*Records supplied*

• • • • •

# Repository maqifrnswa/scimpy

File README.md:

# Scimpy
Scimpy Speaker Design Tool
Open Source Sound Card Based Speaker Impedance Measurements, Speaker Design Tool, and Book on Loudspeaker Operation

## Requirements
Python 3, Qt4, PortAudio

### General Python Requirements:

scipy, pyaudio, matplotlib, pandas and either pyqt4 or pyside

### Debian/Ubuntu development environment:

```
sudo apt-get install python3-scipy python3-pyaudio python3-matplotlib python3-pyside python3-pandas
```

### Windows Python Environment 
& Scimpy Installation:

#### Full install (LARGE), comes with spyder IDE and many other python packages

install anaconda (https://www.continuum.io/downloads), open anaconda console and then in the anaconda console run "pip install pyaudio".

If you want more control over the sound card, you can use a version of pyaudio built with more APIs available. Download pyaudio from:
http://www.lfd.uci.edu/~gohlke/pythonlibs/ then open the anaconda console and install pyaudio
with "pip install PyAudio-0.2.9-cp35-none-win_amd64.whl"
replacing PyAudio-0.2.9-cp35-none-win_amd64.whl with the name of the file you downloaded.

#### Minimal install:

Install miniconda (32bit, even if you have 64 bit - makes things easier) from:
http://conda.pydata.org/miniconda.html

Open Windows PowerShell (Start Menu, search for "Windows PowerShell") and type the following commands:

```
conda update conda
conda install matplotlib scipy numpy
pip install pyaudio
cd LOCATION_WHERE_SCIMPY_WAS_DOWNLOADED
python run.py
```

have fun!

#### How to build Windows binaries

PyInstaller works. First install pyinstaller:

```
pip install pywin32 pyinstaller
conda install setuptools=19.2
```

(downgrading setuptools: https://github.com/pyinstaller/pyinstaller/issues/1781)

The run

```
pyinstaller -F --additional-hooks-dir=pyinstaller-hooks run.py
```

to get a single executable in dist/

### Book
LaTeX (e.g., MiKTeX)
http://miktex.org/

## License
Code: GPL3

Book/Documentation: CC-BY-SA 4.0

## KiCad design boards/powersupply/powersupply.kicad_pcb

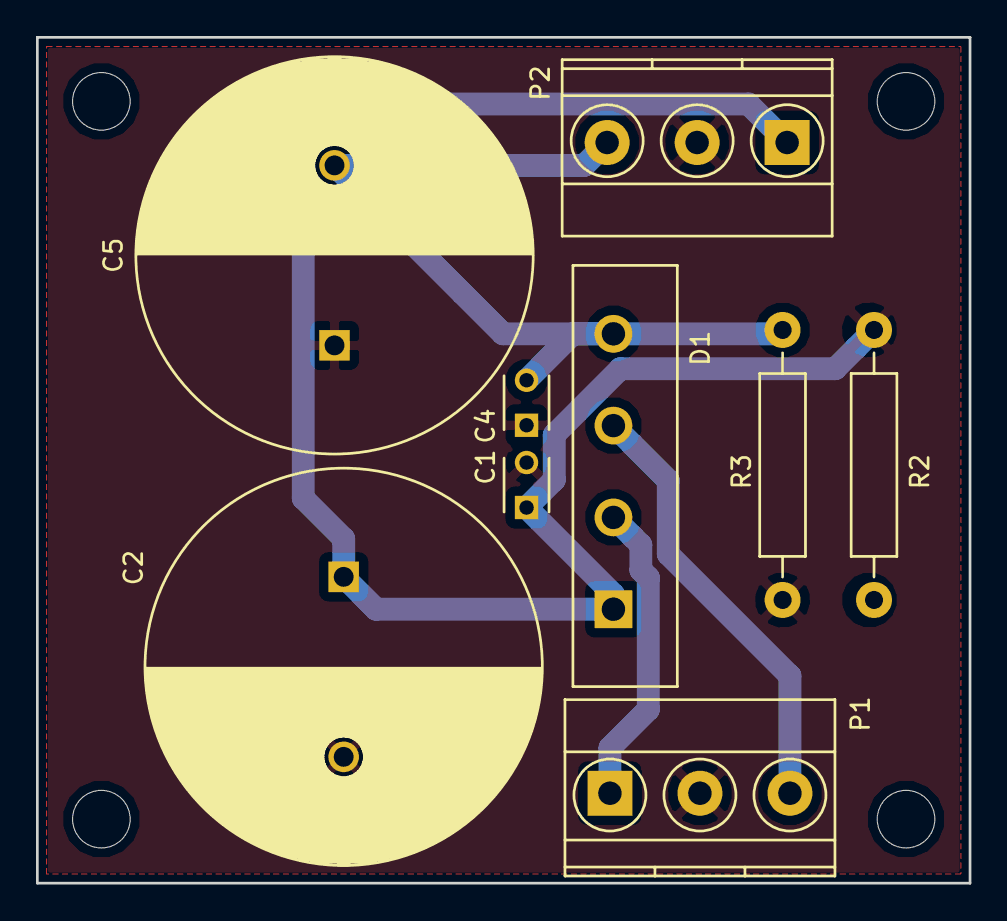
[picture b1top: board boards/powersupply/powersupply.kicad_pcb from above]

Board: 2 copper layers, 51.8 x 47.0 mm, 9 parts (0 on the bottom side), 5 nets.

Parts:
C1, C4: 100n; C_Disc_D3_P2.5
C2, C5: 6800u; C_Radial_D22_L41_P10
D1: Diode_Bridge; Diode_Bridge_18.5x5.5
P1, P2: CONN_01X03; TerminalBlock_Pheonix_MKDS1.5-3pol
R2, R3: 1K 1W; Resistor_Horizontal_RM15mm

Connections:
+15V: C1.1, C2.1, D1.3, P2.1, R2.1
-15V: C4.2, C5.2, D1.1, P2.3, R3.2
/+12VAC: D1.4, P1.3
/-12VAC: D1.2, P1.1
GND: C1.2, C2.2, C4.1, C5.1, P1.2, P2.2, R2.2, R3.1

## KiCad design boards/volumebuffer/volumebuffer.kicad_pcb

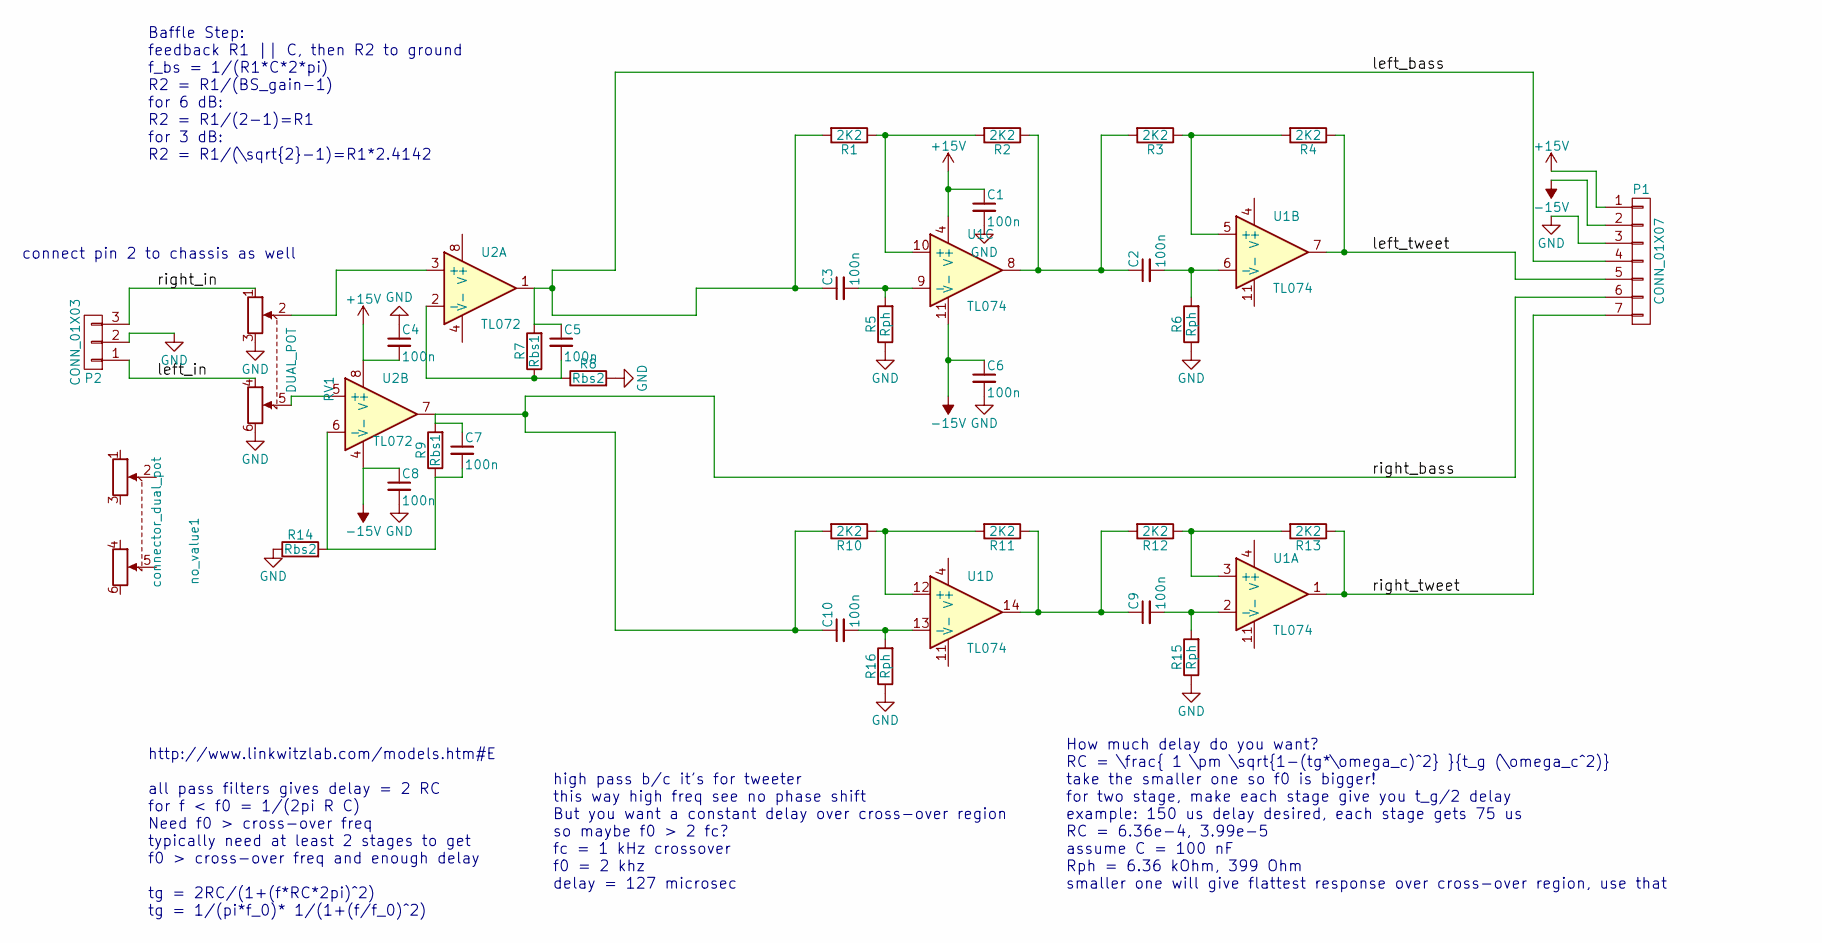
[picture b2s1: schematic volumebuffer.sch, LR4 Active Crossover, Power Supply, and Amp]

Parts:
C1, C4, C6, C8: 100n; C_Disc_D3_P2.5
C2, C3, C5, C7, C9, C10: 100n; C_Disc_D6_P5
P1: CONN_01X07; Socket_Strip_Angled_1x07
P2: CONN_01X03; TerminalBlock_Pheonix_MKDS1.5-3pol
R1, R2, R3, R4, R10, R11, R12, R13: 2K2; R_Axial_DIN0204_L3.6mm_D1.6mm_P5.08mm_Horizontal
R5, R6, R15, R16: Rph; R_Axial_DIN0204_L3.6mm_D1.6mm_P5.08mm_Horizontal
R7, R9: Rbs1; R_Axial_DIN0204_L3.6mm_D1.6mm_P5.08mm_Horizontal
R8, R14: Rbs2; R_Axial_DIN0204_L3.6mm_D1.6mm_P5.08mm_Horizontal
RV1: DUAL_POT; Molex_KK-6410-06_06x2.54mm_Straight
U1: TL074; DIP-14_W7.62mm
U2: TL072; DIP-8_W7.62mm
no_value1: connector_dual_pot

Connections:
+15V: C1.1, C4.2, P1.1, U1.4 (V+), U2.8 (V+)
-15V: C6.1, C8.1, P1.2, U1.11 (V-), U2.4 (V-)
/left_bass: C3.1, C5.1, P1.4, R1.2, R7.2, U2.1
/left_in: P2.1, RV1.4
/left_tweet: P1.5, R4.1, U1.7
/right_bass: C7.1, C10.1, P1.6, R9.2, R10.2, U2.7
/right_in: P2.3, RV1.1
/right_tweet: P1.7, R13.1, U1.1
GND: C1.2, C4.1, C6.2, C8.2, P1.3, P2.2, R5.1, R6.1, R8.2, R14.1, R15.1, R16.1, RV1.3, RV1.6
unnamed: C2.1, R2.1, R3.2, U1.8
unnamed: C2.2, R6.2, U1.6 (-)
unnamed: C3.2, R5.2, U1.9 (-)
unnamed: C5.2, R7.1, R8.1, U2.2 (-)
unnamed: C7.2, R9.1, R14.2, U2.6 (-)
unnamed: C9.1, R11.1, R12.2, U1.14
unnamed: C9.2, R15.2, U1.2 (-)
unnamed: C10.2, R16.2, U1.13 (-)
unnamed: R1.1, R2.2, U1.10 (+)
unnamed: R3.1, R4.2, U1.5 (+)
unnamed: R10.1, R11.2, U1.12 (+)
unnamed: R12.1, R13.2, U1.3 (+)
unnamed: RV1.2, U2.3 (+)
unnamed: RV1.5, U2.5 (+)

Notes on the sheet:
Baffle Step: feedback R1 || C, then R2 to ground f_bs = 1/(R1*C*2*pi) R2 = R1/(BS_gain-1) for 6 dB: R2 = R1/(2-1)=R1 for 3 dB: R2 = R1/(\sqrt{2}-1)=R1*2.4142
connect pin 2 to chassis as well
http://www.linkwitzlab.com/models.htm#E all pass filters gives delay = 2 RC for f < f0 = 1/(2pi R C) Need f0 > cross-over freq typically need at least 2 stages to get f0 > cross-over freq and enough delay tg = 2RC/(1+(f*RC*2pi)^2) tg = 1/(pi*f_0)* 1/(1+(f/f_0)^2)
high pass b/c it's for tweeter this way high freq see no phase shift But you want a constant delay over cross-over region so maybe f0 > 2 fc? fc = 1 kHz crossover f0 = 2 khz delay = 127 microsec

• • • • •

Nothing but a number is wanted: how many lines in the records above include "with".

4